Na abertura do livro, Sampaio faz
um aquecimento, um tipo de ginástica da erudição, citando frases da literatura brasileira
e provérbios de várias culturas, para designar vocábulos diretamente ligados ao
ato da escrita, como a frase de Aldo Moreni: “Escrevi seu nome na areia das
praias de muitos mares. Um dia vou esquecê-lo, mas restarão as árvores, com
suas cicatrizes, para mo lembrar.”
Ou a de Carlos Drummond de
Andrade: “Escrever é triste. Impede a conjugação de tantos outros verbos.” Também
aproveitou a lateral de uma página para, sob figuras representativas, escrever um
provérbio latino, “verba volant, scripta manent”, e na folha seguinte registrar
a tradução sem que o leitor menos atento desse conta: “As palavras voam, os
escritos ficam.”
O verbo do princípio
Esse exercício de conhecimento
livresco e, sobretudo, de consciência da escrita, apoiado por um valoroso
trabalho de pesquisa, culmina com a citação de livros raros, traçados em
línguas cujas palavras voaram das bocas humanas faz muito tempo. Um desses é o
Popol Vuh, O livro dos mortos, escrito pelos maias em hieróglifos, na língua
chol, livro “que traz a origem do fogo, a explicação das características
físicas de certos animais, a origem do sacrifício humano por extração do
coração, o castigo pela soberba, o nascimento milagroso dos heróis culturais”
etc.
Os hieróglifos criados pelos maias
registraram também dados sobre astronomia e matemática, em livros ou textos que
foram quase totalmente queimados pelos espanhóis, que, numa visível intenção de
dizimar qualquer vestígio da cultura maia, os consideravam carregados de
“falsidades do demônio”.
O que Sampaio traz de mais
curioso da civilização maia, no entanto, em termos de registro gráfico, é o
sistema numérico. Trata-se de uma sequência de sinais binários, um ponto e um
travessão (chamado de barra, por Sampaio), em que o primeiro vale 1 e o
segundo, 5. Para grafar 9, por exemplo, usam-se quatro pontos sobre um
travessão. Para registrar 10, basta riscar dois travessões sobrepostos, e assim
sucessivamente.
O pensamento organizado em torno
da escrita inventada e praticada pelos maias, visto em conjunto com aquilo que
outras sociedades ao longo da história também desenvolveram, mostra uma grande sincronia
evolutiva das línguas. No começo do capítulo que trata das diferentes formas de
escrita e de línguas, Sampaio diz o que muitos etnólogos também afirmam:
“O ser humano, em qualquer tempo
e em qualquer lugar, é sempre o mesmo. Falando diferentes línguas e valendo-se
de diferentes tipos de escritas, pensa e diz as mesmas coisas, ainda que as
expresse de maneiras diferentes, numa unidade na diversidade, ou numa
diversidade na unidade, que faz a diferença e o encanto de sua trajetória, de
seu inter-relacionamento.”
O poder escrito
No rastro da escrita, a produção e
a conservação do pensamento trazem consigo outro fenômeno importante ao longo
da história da humanidade: o poder. O autor sabe e diz que o sistema de escrita
gera dentro de si uma força capaz de obliterar uma cultura inteira, trazendo à
tona outra sociedade, que por sua vez será ultrapassada, ou dizimada a partir
da maneira de se organizar o pensamento por meio do registro da língua.
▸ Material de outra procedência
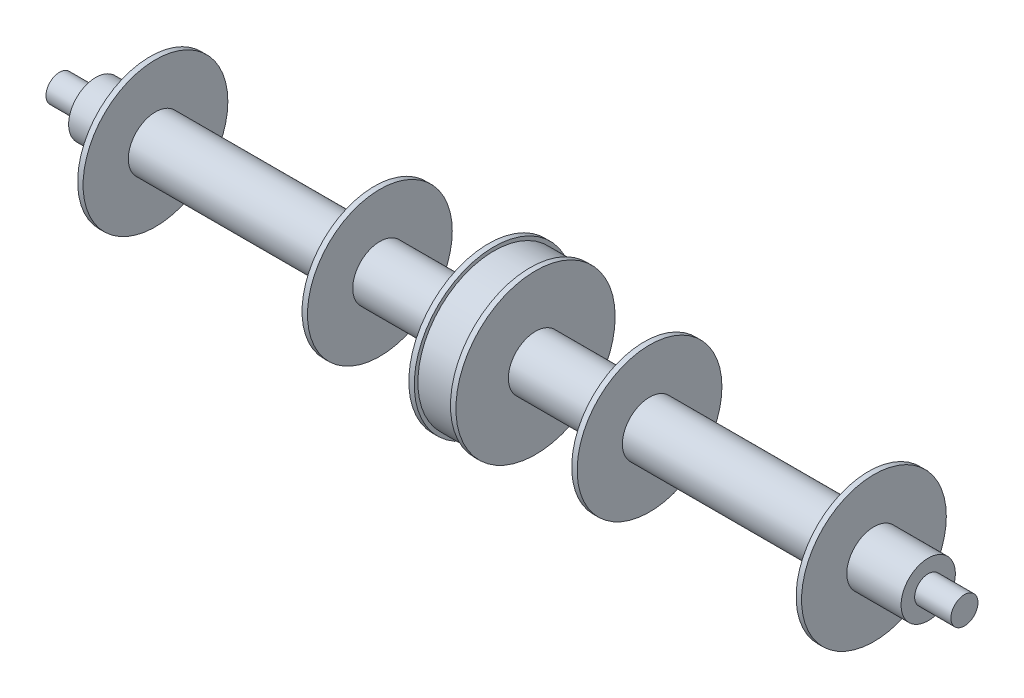
ISO-10303-21;
HEADER;
FILE_DESCRIPTION(('STEP AP214'),'2;1');
FILE_NAME('part.step','',(''),(''),'','','');
FILE_SCHEMA(('AUTOMOTIVE_DESIGN { 1 0 10303 214 1 1 1 1 }'));
ENDSEC;
DATA;
#1=APPLICATION_CONTEXT('core data for automotive mechanical design processes');
#2=APPLICATION_PROTOCOL_DEFINITION('international standard','automotive_design',2000,#1);
#3=PRODUCT_CONTEXT('',#1,'mechanical');
#4=PRODUCT('Part','Part','',(#3));
#5=PRODUCT_RELATED_PRODUCT_CATEGORY('part','',(#4));
#6=PRODUCT_DEFINITION_FORMATION('','',#4);
#7=PRODUCT_DEFINITION_CONTEXT('part definition',#1,'design');
#8=PRODUCT_DEFINITION('design','',#6,#7);
#9=PRODUCT_DEFINITION_SHAPE('','',#8);
#10=(LENGTH_UNIT() NAMED_UNIT(*) SI_UNIT(.MILLI.,.METRE.));
#11=(NAMED_UNIT(*) PLANE_ANGLE_UNIT() SI_UNIT($,.RADIAN.));
#12=(NAMED_UNIT(*) SI_UNIT($,.STERADIAN.) SOLID_ANGLE_UNIT());
#13=UNCERTAINTY_MEASURE_WITH_UNIT(LENGTH_MEASURE(1.E-05),#10,'distance_accuracy_value','');
#14=(GEOMETRIC_REPRESENTATION_CONTEXT(3) GLOBAL_UNCERTAINTY_ASSIGNED_CONTEXT((#13)) GLOBAL_UNIT_ASSIGNED_CONTEXT((#10,
#11,#12)) REPRESENTATION_CONTEXT('',''));
#15=CARTESIAN_POINT('',(0.,0.,0.));
#16=DIRECTION('',(0.,0.,1.));
#17=DIRECTION('',(1.,0.,0.));
#18=AXIS2_PLACEMENT_3D('',#15,#16,#17);
#19=CARTESIAN_POINT('',(125.,0.,0.));
#20=DIRECTION('',(1.,0.,0.));
#21=DIRECTION('',(0.,0.,-1.));
#22=AXIS2_PLACEMENT_3D('',#19,#20,#21);
#23=PLANE('',#22);
#24=CARTESIAN_POINT('',(125.,0.,0.));
#25=DIRECTION('',(1.,0.,0.));
#26=DIRECTION('',(0.,0.,-1.));
#27=AXIS2_PLACEMENT_3D('',#24,#25,#26);
#28=CIRCLE('',#27,3.74999999999999);
#29=CARTESIAN_POINT('',(125.,0.,-3.74999999999999));
#30=VERTEX_POINT('',#29);
#31=EDGE_CURVE('E10',#30,#30,#28,.T.);
#32=ORIENTED_EDGE('',*,*,#31,.T.);
#33=EDGE_LOOP('',(#32));
#34=FACE_BOUND('',#33,.T.);
#35=ADVANCED_FACE('F31',(#34),#23,.T.);
#36=CARTESIAN_POINT('',(-7.95180722891569,0.,0.));
#37=DIRECTION('',(1.,0.,0.));
#38=DIRECTION('',(0.,0.,-1.));
#39=AXIS2_PLACEMENT_3D('',#36,#37,#38);
#40=CYLINDRICAL_SURFACE('',#39,3.74999999999999);
#41=CARTESIAN_POINT('',(115.,0.,0.));
#42=DIRECTION('',(1.,0.,0.));
#43=DIRECTION('',(0.,0.,-1.));
#44=AXIS2_PLACEMENT_3D('',#41,#42,#43);
#45=CIRCLE('',#44,3.74999999999999);
#46=CARTESIAN_POINT('',(115.,0.,-3.74999999999999));
#47=VERTEX_POINT('',#46);
#48=EDGE_CURVE('E37',#47,#47,#45,.T.);
#49=ORIENTED_EDGE('',*,*,#48,.T.);
#50=EDGE_LOOP('',(#49));
#51=FACE_BOUND('',#50,.T.);
#52=ORIENTED_EDGE('',*,*,#31,.F.);
#53=EDGE_LOOP('',(#52));
#54=FACE_BOUND('',#53,.T.);
#55=ADVANCED_FACE('F141',(#51,#54),#40,.T.);
#56=CARTESIAN_POINT('',(115.,3.74999999999999,0.));
#57=DIRECTION('',(1.,0.,0.));
#58=DIRECTION('',(0.,0.,-1.));
#59=AXIS2_PLACEMENT_3D('',#56,#57,#58);
#60=PLANE('',#59);
#61=CARTESIAN_POINT('',(115.,0.,0.));
#62=DIRECTION('',(1.,0.,0.));
#63=DIRECTION('',(0.,0.,-1.));
#64=AXIS2_PLACEMENT_3D('',#61,#62,#63);
#65=CIRCLE('',#64,7.49999999999999);
#66=CARTESIAN_POINT('',(115.,0.,-7.49999999999999));
#67=VERTEX_POINT('',#66);
#68=EDGE_CURVE('E41',#67,#67,#65,.T.);
#69=ORIENTED_EDGE('',*,*,#68,.T.);
#70=EDGE_LOOP('',(#69));
#71=FACE_BOUND('',#70,.T.);
#72=ORIENTED_EDGE('',*,*,#48,.F.);
#73=EDGE_LOOP('',(#72));
#74=FACE_BOUND('',#73,.T.);
#75=ADVANCED_FACE('F145',(#71,#74),#60,.T.);
#76=CARTESIAN_POINT('',(-7.95180722891569,0.,0.));
#77=DIRECTION('',(1.,0.,0.));
#78=DIRECTION('',(0.,0.,-1.));
#79=AXIS2_PLACEMENT_3D('',#76,#77,#78);
#80=CYLINDRICAL_SURFACE('',#79,7.49999999999999);
#81=CARTESIAN_POINT('',(100.,0.,0.));
#82=DIRECTION('',(1.,0.,0.));
#83=DIRECTION('',(0.,0.,-1.));
#84=AXIS2_PLACEMENT_3D('',#81,#82,#83);
#85=CIRCLE('',#84,7.49999999999999);
#86=CARTESIAN_POINT('',(100.,0.,-7.49999999999999));
#87=VERTEX_POINT('',#86);
#88=EDGE_CURVE('E45',#87,#87,#85,.T.);
#89=ORIENTED_EDGE('',*,*,#88,.T.);
#90=EDGE_LOOP('',(#89));
#91=FACE_BOUND('',#90,.T.);
#92=ORIENTED_EDGE('',*,*,#68,.F.);
#93=EDGE_LOOP('',(#92));
#94=FACE_BOUND('',#93,.T.);
#95=ADVANCED_FACE('F149',(#91,#94),#80,.T.);
#96=CARTESIAN_POINT('',(100.,7.49999999999999,0.));
#97=DIRECTION('',(1.,0.,0.));
#98=DIRECTION('',(0.,0.,-1.));
#99=AXIS2_PLACEMENT_3D('',#96,#97,#98);
#100=PLANE('',#99);
#101=CARTESIAN_POINT('',(100.,0.,0.));
#102=DIRECTION('',(1.,0.,0.));
#103=DIRECTION('',(0.,0.,-1.));
#104=AXIS2_PLACEMENT_3D('',#101,#102,#103);
#105=CIRCLE('',#104,20.);
#106=CARTESIAN_POINT('',(100.,0.,-20.));
#107=VERTEX_POINT('',#106);
#108=EDGE_CURVE('E50',#107,#107,#105,.T.);
#109=ORIENTED_EDGE('',*,*,#108,.T.);
#110=EDGE_LOOP('',(#109));
#111=FACE_BOUND('',#110,.T.);
#112=ORIENTED_EDGE('',*,*,#88,.F.);
#113=EDGE_LOOP('',(#112));
#114=FACE_BOUND('',#113,.T.);
#115=ADVANCED_FACE('F156',(#111,#114),#100,.T.);
#116=CARTESIAN_POINT('',(-7.95180722891569,0.,0.));
#117=DIRECTION('',(1.,0.,0.));
#118=DIRECTION('',(0.,0.,-1.));
#119=AXIS2_PLACEMENT_3D('',#116,#117,#118);
#120=CYLINDRICAL_SURFACE('',#119,20.);
#121=CARTESIAN_POINT('',(98.5,0.,0.));
#122=DIRECTION('',(1.,0.,0.));
#123=DIRECTION('',(0.,0.,-1.));
#124=AXIS2_PLACEMENT_3D('',#121,#122,#123);
#125=CIRCLE('',#124,20.);
#126=CARTESIAN_POINT('',(98.5,0.,-20.));
#127=VERTEX_POINT('',#126);
#128=EDGE_CURVE('E53',#127,#127,#125,.T.);
#129=ORIENTED_EDGE('',*,*,#128,.T.);
#130=EDGE_LOOP('',(#129));
#131=FACE_BOUND('',#130,.T.);
#132=ORIENTED_EDGE('',*,*,#108,.F.);
#133=EDGE_LOOP('',(#132));
#134=FACE_BOUND('',#133,.T.);
#135=ADVANCED_FACE('F160',(#131,#134),#120,.T.);
#136=CARTESIAN_POINT('',(98.5,20.,0.));
#137=DIRECTION('',(-1.,0.,0.));
#138=DIRECTION('',(0.,0.,1.));
#139=AXIS2_PLACEMENT_3D('',#136,#137,#138);
#140=PLANE('',#139);
#141=CARTESIAN_POINT('',(98.5,0.,0.));
#142=DIRECTION('',(1.,0.,0.));
#143=DIRECTION('',(0.,0.,-1.));
#144=AXIS2_PLACEMENT_3D('',#141,#142,#143);
#145=CIRCLE('',#144,7.49999999999999);
#146=CARTESIAN_POINT('',(98.5,0.,-7.49999999999999));
#147=VERTEX_POINT('',#146);
#148=EDGE_CURVE('E56',#147,#147,#145,.T.);
#149=ORIENTED_EDGE('',*,*,#148,.T.);
#150=EDGE_LOOP('',(#149));
#151=FACE_BOUND('',#150,.T.);
#152=ORIENTED_EDGE('',*,*,#128,.F.);
#153=EDGE_LOOP('',(#152));
#154=FACE_BOUND('',#153,.T.);
#155=ADVANCED_FACE('F164',(#151,#154),#140,.T.);
#156=CARTESIAN_POINT('',(-7.95180722891569,0.,0.));
#157=DIRECTION('',(1.,0.,0.));
#158=DIRECTION('',(0.,0.,-1.));
#159=AXIS2_PLACEMENT_3D('',#156,#157,#158);
#160=CYLINDRICAL_SURFACE('',#159,7.49999999999999);
#161=CARTESIAN_POINT('',(38.,0.,0.));
#162=DIRECTION('',(1.,0.,0.));
#163=DIRECTION('',(0.,0.,-1.));
#164=AXIS2_PLACEMENT_3D('',#161,#162,#163);
#165=CIRCLE('',#164,7.49999999999999);
#166=CARTESIAN_POINT('',(38.,0.,-7.49999999999999));
#167=VERTEX_POINT('',#166);
#168=EDGE_CURVE('E59',#167,#167,#165,.T.);
#169=ORIENTED_EDGE('',*,*,#168,.T.);
#170=EDGE_LOOP('',(#169));
#171=FACE_BOUND('',#170,.T.);
#172=ORIENTED_EDGE('',*,*,#148,.F.);
#173=EDGE_LOOP('',(#172));
#174=FACE_BOUND('',#173,.T.);
#175=ADVANCED_FACE('F168',(#171,#174),#160,.T.);
#176=CARTESIAN_POINT('',(38.,7.49999999999999,0.));
#177=DIRECTION('',(1.,0.,0.));
#178=DIRECTION('',(0.,0.,-1.));
#179=AXIS2_PLACEMENT_3D('',#176,#177,#178);
#180=PLANE('',#179);
#181=CARTESIAN_POINT('',(38.,0.,0.));
#182=DIRECTION('',(1.,0.,0.));
#183=DIRECTION('',(0.,0.,-1.));
#184=AXIS2_PLACEMENT_3D('',#181,#182,#183);
#185=CIRCLE('',#184,20.);
#186=CARTESIAN_POINT('',(38.,0.,-20.));
#187=VERTEX_POINT('',#186);
#188=EDGE_CURVE('E62',#187,#187,#185,.T.);
#189=ORIENTED_EDGE('',*,*,#188,.T.);
#190=EDGE_LOOP('',(#189));
#191=FACE_BOUND('',#190,.T.);
#192=ORIENTED_EDGE('',*,*,#168,.F.);
#193=EDGE_LOOP('',(#192));
#194=FACE_BOUND('',#193,.T.);
#195=ADVANCED_FACE('F172',(#191,#194),#180,.T.);
#196=CARTESIAN_POINT('',(-7.95180722891569,0.,0.));
#197=DIRECTION('',(1.,0.,0.));
#198=DIRECTION('',(0.,0.,-1.));
#199=AXIS2_PLACEMENT_3D('',#196,#197,#198);
#200=CYLINDRICAL_SURFACE('',#199,20.);
#201=CARTESIAN_POINT('',(36.5,0.,0.));
#202=DIRECTION('',(1.,0.,0.));
#203=DIRECTION('',(0.,0.,-1.));
#204=AXIS2_PLACEMENT_3D('',#201,#202,#203);
#205=CIRCLE('',#204,20.);
#206=CARTESIAN_POINT('',(36.5,0.,-20.));
#207=VERTEX_POINT('',#206);
#208=EDGE_CURVE('E65',#207,#207,#205,.T.);
#209=ORIENTED_EDGE('',*,*,#208,.T.);
#210=EDGE_LOOP('',(#209));
#211=FACE_BOUND('',#210,.T.);
#212=ORIENTED_EDGE('',*,*,#188,.F.);
#213=EDGE_LOOP('',(#212));
#214=FACE_BOUND('',#213,.T.);
#215=ADVANCED_FACE('F176',(#211,#214),#200,.T.);
#216=CARTESIAN_POINT('',(36.5,20.,0.));
#217=DIRECTION('',(-1.,0.,0.));
#218=DIRECTION('',(0.,0.,1.));
#219=AXIS2_PLACEMENT_3D('',#216,#217,#218);
#220=PLANE('',#219);
#221=CARTESIAN_POINT('',(36.5,0.,0.));
#222=DIRECTION('',(1.,0.,0.));
#223=DIRECTION('',(0.,0.,-1.));
#224=AXIS2_PLACEMENT_3D('',#221,#222,#223);
#225=CIRCLE('',#224,7.49999999999999);
#226=CARTESIAN_POINT('',(36.5,0.,-7.49999999999999));
#227=VERTEX_POINT('',#226);
#228=EDGE_CURVE('E68',#227,#227,#225,.T.);
#229=ORIENTED_EDGE('',*,*,#228,.T.);
#230=EDGE_LOOP('',(#229));
#231=FACE_BOUND('',#230,.T.);
#232=ORIENTED_EDGE('',*,*,#208,.F.);
#233=EDGE_LOOP('',(#232));
#234=FACE_BOUND('',#233,.T.);
#235=ADVANCED_FACE('F180',(#231,#234),#220,.T.);
#236=CARTESIAN_POINT('',(-7.95180722891569,0.,0.));
#237=DIRECTION('',(1.,0.,0.));
#238=DIRECTION('',(0.,0.,-1.));
#239=AXIS2_PLACEMENT_3D('',#236,#237,#238);
#240=CYLINDRICAL_SURFACE('',#239,7.49999999999999);
#241=CARTESIAN_POINT('',(6.5,0.,0.));
#242=DIRECTION('',(1.,0.,0.));
#243=DIRECTION('',(0.,0.,-1.));
#244=AXIS2_PLACEMENT_3D('',#241,#242,#243);
#245=CIRCLE('',#244,7.49999999999999);
#246=CARTESIAN_POINT('',(6.5,0.,-7.49999999999999));
#247=VERTEX_POINT('',#246);
#248=EDGE_CURVE('E71',#247,#247,#245,.T.);
#249=ORIENTED_EDGE('',*,*,#248,.T.);
#250=EDGE_LOOP('',(#249));
#251=FACE_BOUND('',#250,.T.);
#252=ORIENTED_EDGE('',*,*,#228,.F.);
#253=EDGE_LOOP('',(#252));
#254=FACE_BOUND('',#253,.T.);
#255=ADVANCED_FACE('F184',(#251,#254),#240,.T.);
#256=CARTESIAN_POINT('',(6.5,7.49999999999999,0.));
#257=DIRECTION('',(1.,0.,0.));
#258=DIRECTION('',(0.,0.,-1.));
#259=AXIS2_PLACEMENT_3D('',#256,#257,#258);
#260=PLANE('',#259);
#261=CARTESIAN_POINT('',(6.5,0.,0.));
#262=DIRECTION('',(1.,0.,0.));
#263=DIRECTION('',(0.,0.,-1.));
#264=AXIS2_PLACEMENT_3D('',#261,#262,#263);
#265=CIRCLE('',#264,21.9999999999999);
#266=CARTESIAN_POINT('',(6.5,0.,-21.9999999999999));
#267=VERTEX_POINT('',#266);
#268=EDGE_CURVE('E74',#267,#267,#265,.T.);
#269=ORIENTED_EDGE('',*,*,#268,.T.);
#270=EDGE_LOOP('',(#269));
#271=FACE_BOUND('',#270,.T.);
#272=ORIENTED_EDGE('',*,*,#248,.F.);
#273=EDGE_LOOP('',(#272));
#274=FACE_BOUND('',#273,.T.);
#275=ADVANCED_FACE('F188',(#271,#274),#260,.T.);
#276=CARTESIAN_POINT('',(-7.95180722891569,0.,0.));
#277=DIRECTION('',(1.,0.,0.));
#278=DIRECTION('',(0.,0.,-1.));
#279=AXIS2_PLACEMENT_3D('',#276,#277,#278);
#280=CYLINDRICAL_SURFACE('',#279,21.9999999999999);
#281=CARTESIAN_POINT('',(5.,0.,0.));
#282=DIRECTION('',(1.,0.,0.));
#283=DIRECTION('',(0.,0.,-1.));
#284=AXIS2_PLACEMENT_3D('',#281,#282,#283);
#285=CIRCLE('',#284,21.9999999999999);
#286=CARTESIAN_POINT('',(5.,0.,-21.9999999999999));
#287=VERTEX_POINT('',#286);
#288=EDGE_CURVE('E77',#287,#287,#285,.T.);
#289=ORIENTED_EDGE('',*,*,#288,.T.);
#290=EDGE_LOOP('',(#289));
#291=FACE_BOUND('',#290,.T.);
#292=ORIENTED_EDGE('',*,*,#268,.F.);
#293=EDGE_LOOP('',(#292));
#294=FACE_BOUND('',#293,.T.);
#295=ADVANCED_FACE('F192',(#291,#294),#280,.T.);
#296=CARTESIAN_POINT('',(5.,21.9999999999999,0.));
#297=DIRECTION('',(-1.,0.,0.));
#298=DIRECTION('',(0.,0.,1.));
#299=AXIS2_PLACEMENT_3D('',#296,#297,#298);
#300=PLANE('',#299);
#301=CARTESIAN_POINT('',(5.,0.,0.));
#302=DIRECTION('',(1.,0.,0.));
#303=DIRECTION('',(0.,0.,-1.));
#304=AXIS2_PLACEMENT_3D('',#301,#302,#303);
#305=CIRCLE('',#304,20.9999999999999);
#306=CARTESIAN_POINT('',(5.,0.,-20.9999999999999));
#307=VERTEX_POINT('',#306);
#308=EDGE_CURVE('E80',#307,#307,#305,.T.);
#309=ORIENTED_EDGE('',*,*,#308,.T.);
#310=EDGE_LOOP('',(#309));
#311=FACE_BOUND('',#310,.T.);
#312=ORIENTED_EDGE('',*,*,#288,.F.);
#313=EDGE_LOOP('',(#312));
#314=FACE_BOUND('',#313,.T.);
#315=ADVANCED_FACE('F196',(#311,#314),#300,.T.);
#316=CARTESIAN_POINT('',(-7.95180722891569,0.,0.));
#317=DIRECTION('',(1.,0.,0.));
#318=DIRECTION('',(0.,0.,-1.));
#319=AXIS2_PLACEMENT_3D('',#316,#317,#318);
#320=CYLINDRICAL_SURFACE('',#319,20.9999999999999);
#321=CARTESIAN_POINT('',(-5.,0.,0.));
#322=DIRECTION('',(1.,0.,0.));
#323=DIRECTION('',(0.,0.,-1.));
#324=AXIS2_PLACEMENT_3D('',#321,#322,#323);
#325=CIRCLE('',#324,20.9999999999999);
#326=CARTESIAN_POINT('',(-5.,0.,-20.9999999999999));
#327=VERTEX_POINT('',#326);
#328=EDGE_CURVE('E83',#327,#327,#325,.T.);
#329=ORIENTED_EDGE('',*,*,#328,.T.);
#330=EDGE_LOOP('',(#329));
#331=FACE_BOUND('',#330,.T.);
#332=ORIENTED_EDGE('',*,*,#308,.F.);
#333=EDGE_LOOP('',(#332));
#334=FACE_BOUND('',#333,.T.);
#335=ADVANCED_FACE('F200',(#331,#334),#320,.T.);
#336=CARTESIAN_POINT('',(-5.,21.9999999999999,0.));
#337=DIRECTION('',(1.,0.,0.));
#338=DIRECTION('',(0.,0.,-1.));
#339=AXIS2_PLACEMENT_3D('',#336,#337,#338);
#340=PLANE('',#339);
#341=CARTESIAN_POINT('',(-5.,0.,0.));
#342=DIRECTION('',(1.,0.,0.));
#343=DIRECTION('',(0.,0.,-1.));
#344=AXIS2_PLACEMENT_3D('',#341,#342,#343);
#345=CIRCLE('',#344,21.9999999999999);
#346=CARTESIAN_POINT('',(-5.,0.,-21.9999999999999));
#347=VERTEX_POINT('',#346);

Não foi por outra razão que os
espanhóis queimaram os textos maias no século XVI. Nem foi diferente o objetivo
do imperador Huang Ti, ao mandar queimar todos os livros do grande império
chinês, só deixando incólume o I-Ching, pela verdade espiritual que o livro
trazia. Argumento semelhante foi usado pelos árabes muçulmanos quando começavam
a criar seu império e dominaram a cidade de Alexandria, em 642. A primeira
ordem foi a de queimar totalmente a biblioteca, que já havia sido incendiada
pelos romanos (Júlio César) em 47 a.C. e pelos cristãos (Teodósio I), em 391.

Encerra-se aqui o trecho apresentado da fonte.